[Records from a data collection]
:::::

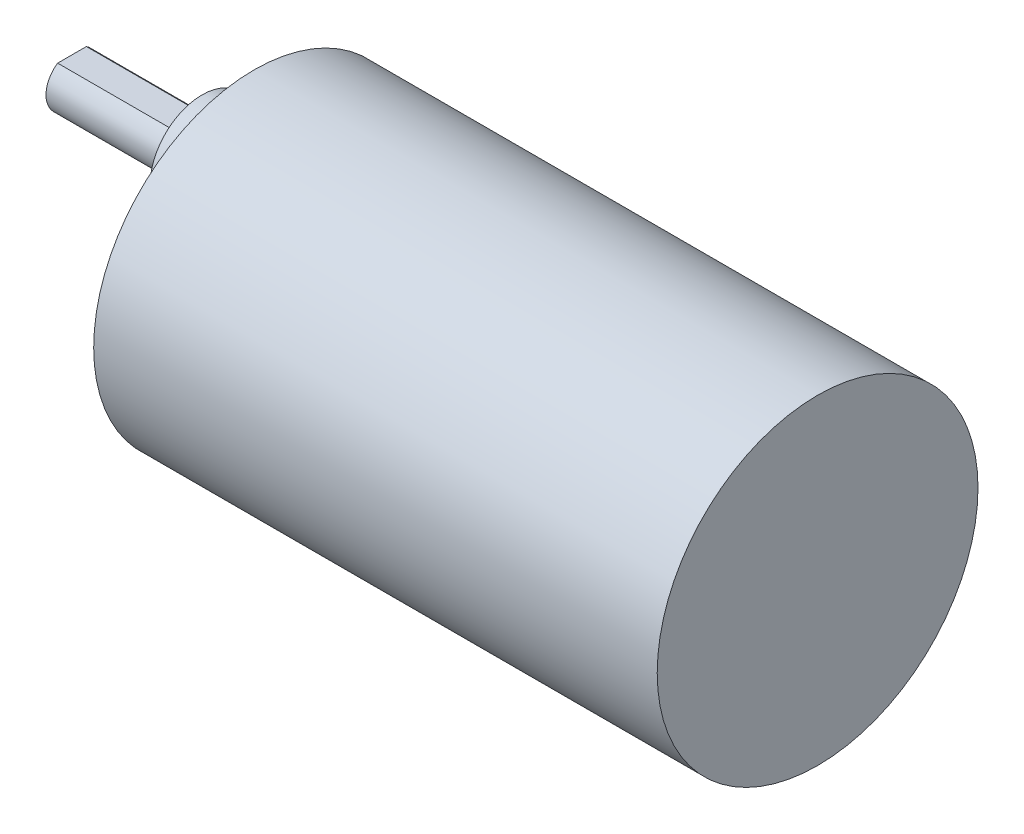
ISO-10303-21;
HEADER;
FILE_DESCRIPTION(('STEP AP214'),'2;1');
FILE_NAME('part.step','',(''),(''),'','','');
FILE_SCHEMA(('AUTOMOTIVE_DESIGN { 1 0 10303 214 1 1 1 1 }'));
ENDSEC;
DATA;
#1=APPLICATION_CONTEXT('core data for automotive mechanical design processes');
#2=APPLICATION_PROTOCOL_DEFINITION('international standard','automotive_design',2000,#1);
#3=PRODUCT_CONTEXT('',#1,'mechanical');
#4=PRODUCT('Part','Part','',(#3));
#5=PRODUCT_RELATED_PRODUCT_CATEGORY('part','',(#4));
#6=PRODUCT_DEFINITION_FORMATION('','',#4);
#7=PRODUCT_DEFINITION_CONTEXT('part definition',#1,'design');
#8=PRODUCT_DEFINITION('design','',#6,#7);
#9=PRODUCT_DEFINITION_SHAPE('','',#8);
#10=(LENGTH_UNIT() NAMED_UNIT(*) SI_UNIT(.MILLI.,.METRE.));
#11=(NAMED_UNIT(*) PLANE_ANGLE_UNIT() SI_UNIT($,.RADIAN.));
#12=(NAMED_UNIT(*) SI_UNIT($,.STERADIAN.) SOLID_ANGLE_UNIT());
#13=UNCERTAINTY_MEASURE_WITH_UNIT(LENGTH_MEASURE(1.E-05),#10,'distance_accuracy_value','');
#14=(GEOMETRIC_REPRESENTATION_CONTEXT(3) GLOBAL_UNCERTAINTY_ASSIGNED_CONTEXT((#13)) GLOBAL_UNIT_ASSIGNED_CONTEXT((#10,
#11,#12)) REPRESENTATION_CONTEXT('',''));
#15=CARTESIAN_POINT('',(0.,0.,0.));
#16=DIRECTION('',(0.,0.,1.));
#17=DIRECTION('',(1.,0.,0.));
#18=AXIS2_PLACEMENT_3D('',#15,#16,#17);
#19=CARTESIAN_POINT('',(65.,0.,0.));
#20=DIRECTION('',(-1.,0.,0.));
#21=DIRECTION('',(0.,0.,1.));
#22=AXIS2_PLACEMENT_3D('',#19,#20,#21);
#23=CYLINDRICAL_SURFACE('',#22,18.5);
#24=CARTESIAN_POINT('',(65.,0.,0.));
#25=DIRECTION('',(1.,0.,0.));
#26=DIRECTION('',(0.,0.,-1.));
#27=AXIS2_PLACEMENT_3D('',#24,#25,#26);
#28=CIRCLE('',#27,18.5);
#29=CARTESIAN_POINT('',(65.,0.,-18.5));
#30=VERTEX_POINT('',#29);
#31=EDGE_CURVE('E52',#30,#30,#28,.T.);
#32=ORIENTED_EDGE('',*,*,#31,.F.);
#33=EDGE_LOOP('',(#32));
#34=FACE_BOUND('',#33,.T.);
#35=CARTESIAN_POINT('',(0.,0.,0.));
#36=DIRECTION('',(1.,0.,0.));
#37=DIRECTION('',(0.,0.,-1.));
#38=AXIS2_PLACEMENT_3D('',#35,#36,#37);
#39=CIRCLE('',#38,18.5);
#40=CARTESIAN_POINT('',(0.,0.,-18.5));
#41=VERTEX_POINT('',#40);
#42=EDGE_CURVE('E103',#41,#41,#39,.T.);
#43=ORIENTED_EDGE('',*,*,#42,.T.);
#44=EDGE_LOOP('',(#43));
#45=FACE_BOUND('',#44,.T.);
#46=ADVANCED_FACE('F44',(#34,#45),#23,.T.);
#47=CARTESIAN_POINT('',(65.,0.,0.));
#48=DIRECTION('',(1.,0.,0.));
#49=DIRECTION('',(0.,0.,-1.));
#50=AXIS2_PLACEMENT_3D('',#47,#48,#49);
#51=PLANE('',#50);
#52=ORIENTED_EDGE('',*,*,#31,.T.);
#53=EDGE_LOOP('',(#52));
#54=FACE_BOUND('',#53,.T.);
#55=ADVANCED_FACE('F114',(#54),#51,.T.);
#56=CARTESIAN_POINT('',(0.,0.,0.));
#57=DIRECTION('',(1.,0.,0.));
#58=DIRECTION('',(0.,0.,-1.));
#59=AXIS2_PLACEMENT_3D('',#56,#57,#58);
#60=PLANE('',#59);
#61=CARTESIAN_POINT('',(0.,7.,0.));
#62=DIRECTION('',(1.,0.,0.));
#63=DIRECTION('',(0.,0.,-1.));
#64=AXIS2_PLACEMENT_3D('',#61,#62,#63);
#65=CIRCLE('',#64,6.);
#66=CARTESIAN_POINT('',(0.,7.,-6.));
#67=VERTEX_POINT('',#66);
#68=EDGE_CURVE('E11',#67,#67,#65,.F.);
#69=ORIENTED_EDGE('',*,*,#68,.F.);
#70=EDGE_LOOP('',(#69));
#71=FACE_BOUND('',#70,.T.);
#72=ORIENTED_EDGE('',*,*,#42,.F.);
#73=EDGE_LOOP('',(#72));
#74=FACE_BOUND('',#73,.T.);
#75=ADVANCED_FACE('F111',(#71,#74),#60,.F.);
#76=CARTESIAN_POINT('',(-6.,7.,0.));
#77=DIRECTION('',(1.,0.,0.));
#78=DIRECTION('',(0.,0.,-1.));
#79=AXIS2_PLACEMENT_3D('',#76,#77,#78);
#80=CYLINDRICAL_SURFACE('',#79,6.);
#81=CARTESIAN_POINT('',(-6.,7.,0.));
#82=DIRECTION('',(-1.,0.,0.));
#83=DIRECTION('',(0.,0.,1.));
#84=AXIS2_PLACEMENT_3D('',#81,#82,#83);
#85=CIRCLE('',#84,6.);
#86=CARTESIAN_POINT('',(-6.,7.,6.));
#87=VERTEX_POINT('',#86);
#88=EDGE_CURVE('E96',#87,#87,#85,.T.);
#89=ORIENTED_EDGE('',*,*,#88,.F.);
#90=EDGE_LOOP('',(#89));
#91=FACE_BOUND('',#90,.T.);
#92=ORIENTED_EDGE('',*,*,#68,.T.);
#93=EDGE_LOOP('',(#92));
#94=FACE_BOUND('',#93,.T.);
#95=ADVANCED_FACE('F113',(#91,#94),#80,.T.);
#96=CARTESIAN_POINT('',(-6.,7.,0.));
#97=DIRECTION('',(-1.,0.,0.));
#98=DIRECTION('',(0.,0.,1.));
#99=AXIS2_PLACEMENT_3D('',#96,#97,#98);
#100=PLANE('',#99);
#101=CARTESIAN_POINT('',(-6.,7.,0.));
#102=DIRECTION('',(-1.,0.,0.));
#103=DIRECTION('',(0.,0.,1.));
#104=AXIS2_PLACEMENT_3D('',#101,#102,#103);
#105=CIRCLE('',#104,3.);
#106=CARTESIAN_POINT('',(-6.,9.5,-1.6583123951777));
#107=VERTEX_POINT('',#106);
#108=CARTESIAN_POINT('',(-6.,9.5,1.6583123951777));
#109=VERTEX_POINT('',#108);
#110=EDGE_CURVE('E75',#107,#109,#105,.T.);
#111=ORIENTED_EDGE('',*,*,#110,.F.);
#112=DIRECTION('',(0.,0.,-1.));
#113=VECTOR('',#112,1.);
#114=CARTESIAN_POINT('',(-6.,9.5,-1.6583123951777));
#115=LINE('',#114,#113);
#116=EDGE_CURVE('E61',#109,#107,#115,.T.);
#117=ORIENTED_EDGE('',*,*,#116,.F.);
#118=EDGE_LOOP('',(#111,#117));
#119=FACE_BOUND('',#118,.T.);
#120=ORIENTED_EDGE('',*,*,#88,.T.);
#121=EDGE_LOOP('',(#120));
#122=FACE_BOUND('',#121,.T.);
#123=ADVANCED_FACE('F76',(#119,#122),#100,.T.);
#124=CARTESIAN_POINT('',(-21.,7.,0.));
#125=DIRECTION('',(1.,0.,0.));
#126=DIRECTION('',(0.,0.,-1.));
#127=AXIS2_PLACEMENT_3D('',#124,#125,#126);
#128=CYLINDRICAL_SURFACE('',#127,3.);
#129=ORIENTED_EDGE('',*,*,#110,.T.);
#130=DIRECTION('',(1.,0.,0.));
#131=VECTOR('',#130,1.);
#132=CARTESIAN_POINT('',(-21.,9.5,1.6583123951777));
#133=LINE('',#132,#131);
#134=CARTESIAN_POINT('',(-21.,9.5,1.6583123951777));
#135=VERTEX_POINT('',#134);
#136=EDGE_CURVE('E87',#135,#109,#133,.T.);
#137=ORIENTED_EDGE('',*,*,#136,.F.);
#138=CARTESIAN_POINT('',(-21.,7.,0.));
#139=DIRECTION('',(-1.,0.,0.));
#140=DIRECTION('',(0.,0.,1.));
#141=AXIS2_PLACEMENT_3D('',#138,#139,#140);
#142=CIRCLE('',#141,3.);
#143=CARTESIAN_POINT('',(-21.,9.5,-1.6583123951777));
#144=VERTEX_POINT('',#143);
#145=EDGE_CURVE('E89',#144,#135,#142,.T.);
#146=ORIENTED_EDGE('',*,*,#145,.F.);
#147=DIRECTION('',(1.,0.,0.));
#148=VECTOR('',#147,1.);
#149=CARTESIAN_POINT('',(-21.,9.5,-1.6583123951777));
#150=LINE('',#149,#148);
#151=EDGE_CURVE('E85',#144,#107,#150,.T.);
#152=ORIENTED_EDGE('',*,*,#151,.T.);
#153=EDGE_LOOP('',(#129,#137,#146,#152));
#154=FACE_BOUND('',#153,.T.);
#155=ADVANCED_FACE('F91',(#154),#128,.T.);
#156=CARTESIAN_POINT('',(-21.,9.5,-1.6583123951777));
#157=DIRECTION('',(0.,-1.,0.));
#158=DIRECTION('',(0.,0.,-1.));
#159=AXIS2_PLACEMENT_3D('',#156,#157,#158);
#160=PLANE('',#159);
#161=ORIENTED_EDGE('',*,*,#116,.T.);
#162=ORIENTED_EDGE('',*,*,#151,.F.);
#163=DIRECTION('',(0.,0.,-1.));
#164=VECTOR('',#163,1.);
#165=CARTESIAN_POINT('',(-21.,9.5,-1.6583123951777));
#166=LINE('',#165,#164);
#167=EDGE_CURVE('E70',#135,#144,#166,.T.);
#168=ORIENTED_EDGE('',*,*,#167,.F.);
#169=ORIENTED_EDGE('',*,*,#136,.T.);
#170=EDGE_LOOP('',(#161,#162,#168,#169));
#171=FACE_BOUND('',#170,.T.);
#172=ADVANCED_FACE('F84',(#171),#160,.F.);
#173=CARTESIAN_POINT('',(-21.,7.,0.));
#174=DIRECTION('',(-1.,0.,0.));
#175=DIRECTION('',(0.,0.,1.));
#176=AXIS2_PLACEMENT_3D('',#173,#174,#175);
#177=PLANE('',#176);
#178=ORIENTED_EDGE('',*,*,#145,.T.);
#179=ORIENTED_EDGE('',*,*,#167,.T.);
#180=EDGE_LOOP('',(#178,#179));
#181=FACE_BOUND('',#180,.T.);
#182=ADVANCED_FACE('F168',(#181),#177,.T.);
#183=CLOSED_SHELL('',(#46,#55,#75,#95,#123,#155,#172,#182));
#184=MANIFOLD_SOLID_BREP('B2',#183);
#185=ADVANCED_BREP_SHAPE_REPRESENTATION('',(#18,#184),#14);
#186=SHAPE_DEFINITION_REPRESENTATION(#9,#185);
ENDSEC;
END-ISO-10303-21;

:::::

• EXERCISE PROMPT
After locating the line with "#79=AXIS2_PLACEMENT_3D('',#76,#77,#78);" above, return that line and every later line through the one with "#85=CIRCLE('',#84,6.);", word for word and with nothing else.

• SOLUTION FOR THIS TASK
#79=AXIS2_PLACEMENT_3D('',#76,#77,#78);
#80=CYLINDRICAL_SURFACE('',#79,6.);
#81=CARTESIAN_POINT('',(-6.,7.,0.));
#82=DIRECTION('',(-1.,0.,0.));
#83=DIRECTION('',(0.,0.,1.));
#84=AXIS2_PLACEMENT_3D('',#81,#82,#83);
#85=CIRCLE('',#84,6.);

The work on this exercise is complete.